The results are stored in a CSV file with the following columns:

Column Name	Description
RepositoryID	The ID of the repository containing the submission.
ChallengeID	The name of the challenge file.
FileContent	The content of the challenge file.
Status	The status of the execution (Success or Failure).
question_1_correct	Whether the solution for question 1 is correct (Correct or Incorrect).
question_2_correct	Whether the solution for question 2 is correct (Correct or Incorrect).
ErrorMessage	The error message, if any.
Year	The year of the Advent of Code challenge.
QuestionNumber	The question number.
Language	The programming language used in the submission.

This format provides a structured way to store and analyze the results of the Advent of Code submissions.

Note: Some users may split a single day’s challenge into two separate files, one for part 1 and another for part 2. In such cases, the Status column will be marked as “Success” if either part 1 or part 2 is solved correctly.

Code Implementation

Here’s a breakdown of the key functions and their roles:

process_file: This function handles the execution of a single submission file. It determines the language, creates a Docker container, copies the input file (if necessary), executes the code, and captures the output.
process_repositories: This function processes all submissions in a given year and question. It iterates through the repository folders, identifies the submission files, and calls the process_file function for each file.
main: The main entry point of the script. It parses the command line arguments and calls the process_repositories function.

Execution

To run the script, provide the path to the folder containing the Advent of Code submissions and the year to be processed.
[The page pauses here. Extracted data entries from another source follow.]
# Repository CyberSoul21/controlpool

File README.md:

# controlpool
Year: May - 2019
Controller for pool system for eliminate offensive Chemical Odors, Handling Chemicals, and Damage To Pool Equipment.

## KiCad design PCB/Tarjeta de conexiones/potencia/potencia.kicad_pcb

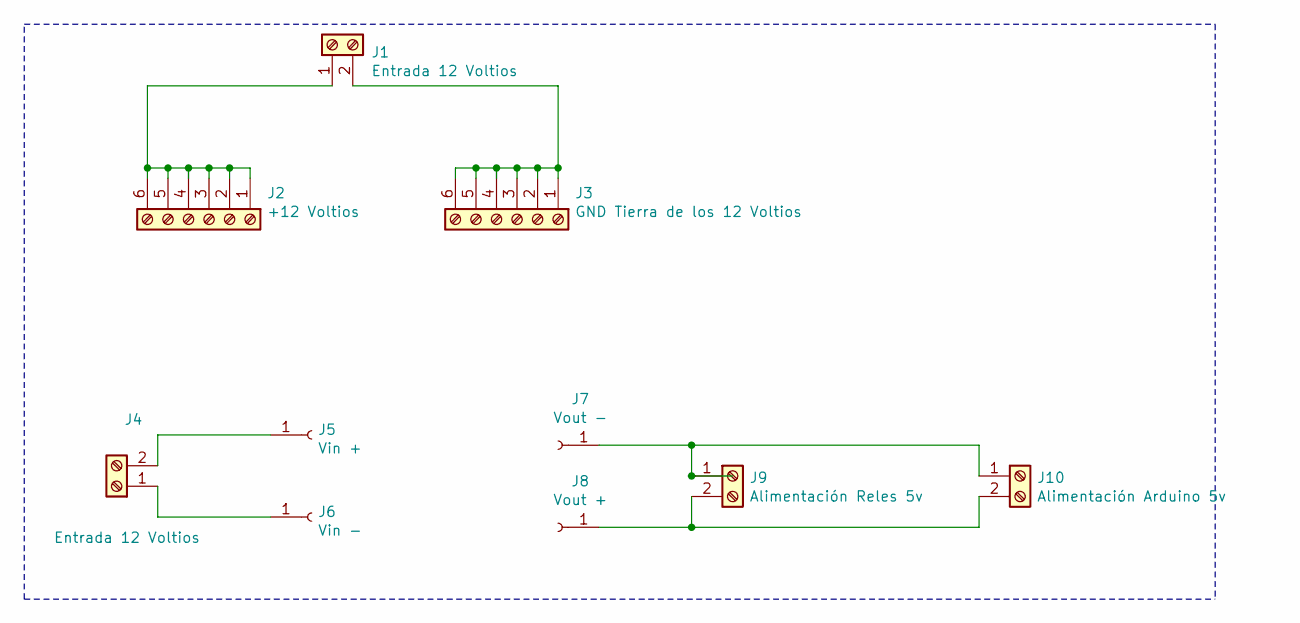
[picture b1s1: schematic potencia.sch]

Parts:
J1, J4: Entrada 12 Voltios; Altech_AK300_1x02_P5.00mm_45-Degree
J2: +12 Voltios; Altech_AK300_1x06_P5.00mm_45-Degree
J3: GND Tierra de los 12 Voltios; Altech_AK300_1x06_P5.00mm_45-Degree
J5: Vin +; PinSocket_1x01_P2.54mm_Vertical
J6: Vin -; PinSocket_1x01_P2.54mm_Vertical
J7: Vout -; PinSocket_1x01_P2.54mm_Vertical
J8: Vout +; PinSocket_1x01_P2.54mm_Vertical
J9: Alimentación Reles 5v; Altech_AK300_1x02_P5.00mm_45-Degree
J10: Alimentación Arduino 5v; Altech_AK300_1x02_P5.00mm_45-Degree

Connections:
unnamed: J1.1, J2.1, J2.2, J2.3, J2.4, J2.5, J2.6
unnamed: J1.2, J3.1, J3.2, J3.3, J3.4, J3.5, J3.6
unnamed: J4.1, J6.1
unnamed: J4.2, J5.1
unnamed: J7.1, J9.1, J10.1
unnamed: J8.1, J9.2, J10.2

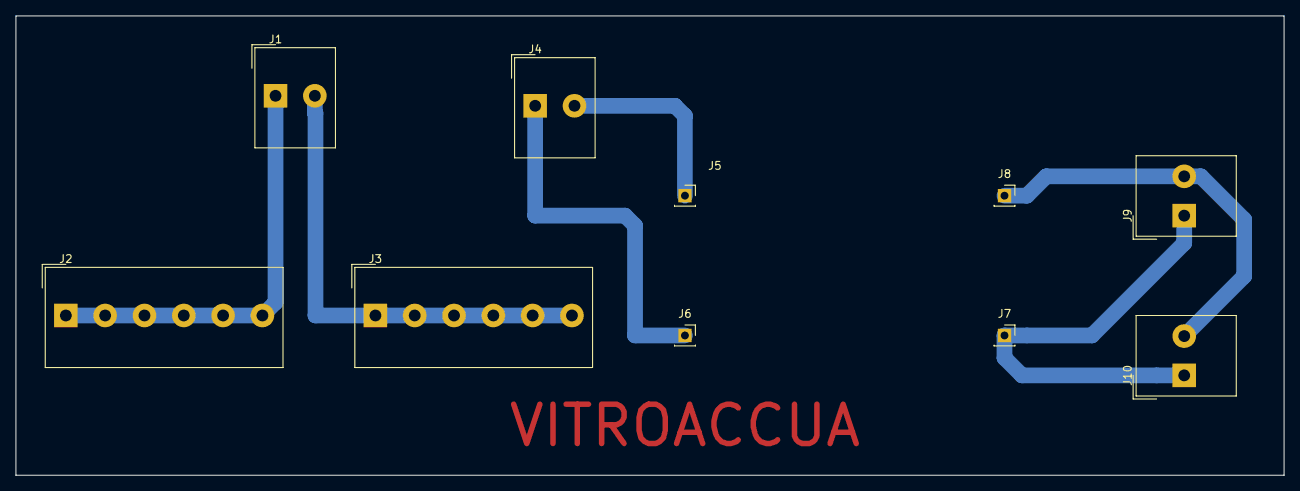
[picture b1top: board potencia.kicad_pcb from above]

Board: 2 copper layers, 161.3 x 58.4 mm, 10 parts (0 on the bottom side), 6 nets.

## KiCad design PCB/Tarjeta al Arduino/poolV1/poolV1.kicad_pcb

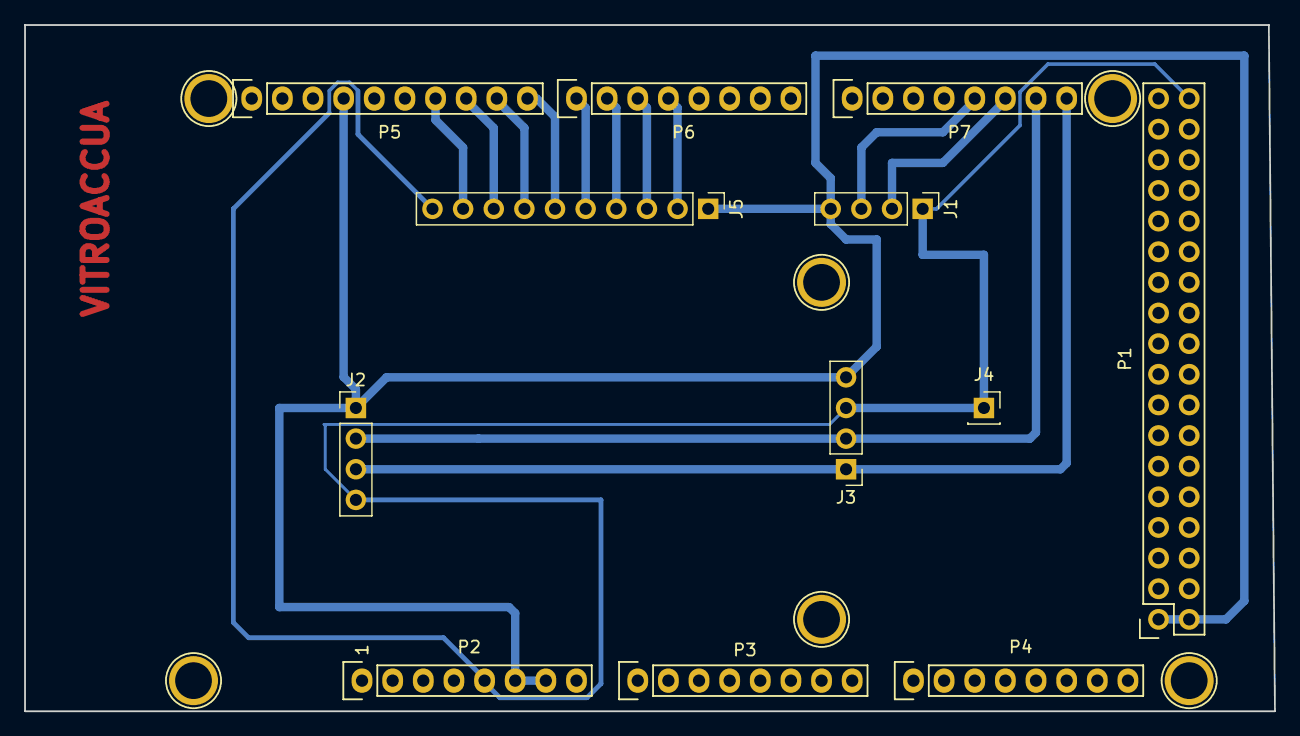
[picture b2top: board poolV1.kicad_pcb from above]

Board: 2 copper layers, 103.6 x 56.9 mm, 18 parts (0 on the bottom side), 14 nets.

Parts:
J1: LCD; PinHeader_1x04_P2.54mm_Vertical
J2: MEMORIA; PinHeader_1x04_P2.54mm_Vertical
J3: RTC; PinHeader_1x04_P2.54mm_Vertical
J4: 5 voltios; PinSocket_1x01_P2.54mm_Vertical
J5: RELES; PinHeader_1x10_P2.54mm_Vertical
P1: Digital; Socket_Strip_Arduino_2x18
P2: Power; Socket_Strip_Arduino_1x08
P3, P4: Analog; Socket_Strip_Arduino_1x08
P5: PWM; Socket_Strip_Arduino_1x10
P6: PWM; Socket_Strip_Arduino_1x08
P7: Communication; Socket_Strip_Arduino_1x08
P8, P9, P10, P11, P12, P13: CONN_01X01; Arduino_1pin

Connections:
+5V: J1.1, J2.4, J3.3, J4.1, J5.10, P1.35, P1.36, P2.5
/4(**): J5.2, P6.4
/5(**): J5.3, P6.3
/6(**): J5.4, P6.2
/7(**): J5.5, P6.1
/8(**): J5.6, P5.10
/9(**): J5.7, P5.9
/10(**): J5.8, P5.8
/11(**): J5.9, P5.7
/18(Tx1): J1.3, P7.5
/19(Rx1): J1.2, P7.6
/20(SDA): J2.2, J3.2, P7.7
/21(SCL): J2.3, J3.1, P7.8
GND: J1.4, J2.1, J3.4, J5.1, P1.1, P1.2, P2.6, P2.7, P5.4

The script will then process all submissions for the specified year and question.

Improvements

Parallel Execution: The script can be parallelized to improve performance by using multiple threads to process submissions concurrently.
Error Handling: The script can be enhanced with better error handling to provide more informative error messages.
Scalability: The script can be scaled to handle large datasets by using distributed processing techniques.

Conclusion

This solution provides a robust and efficient way to process Advent of Code submissions in various languages. By using Docker containers, we can ensure consistent execution environments for different languages. The Python script provides a flexible framework for customizing the processing pipeline and integrating with different storage mechanisms.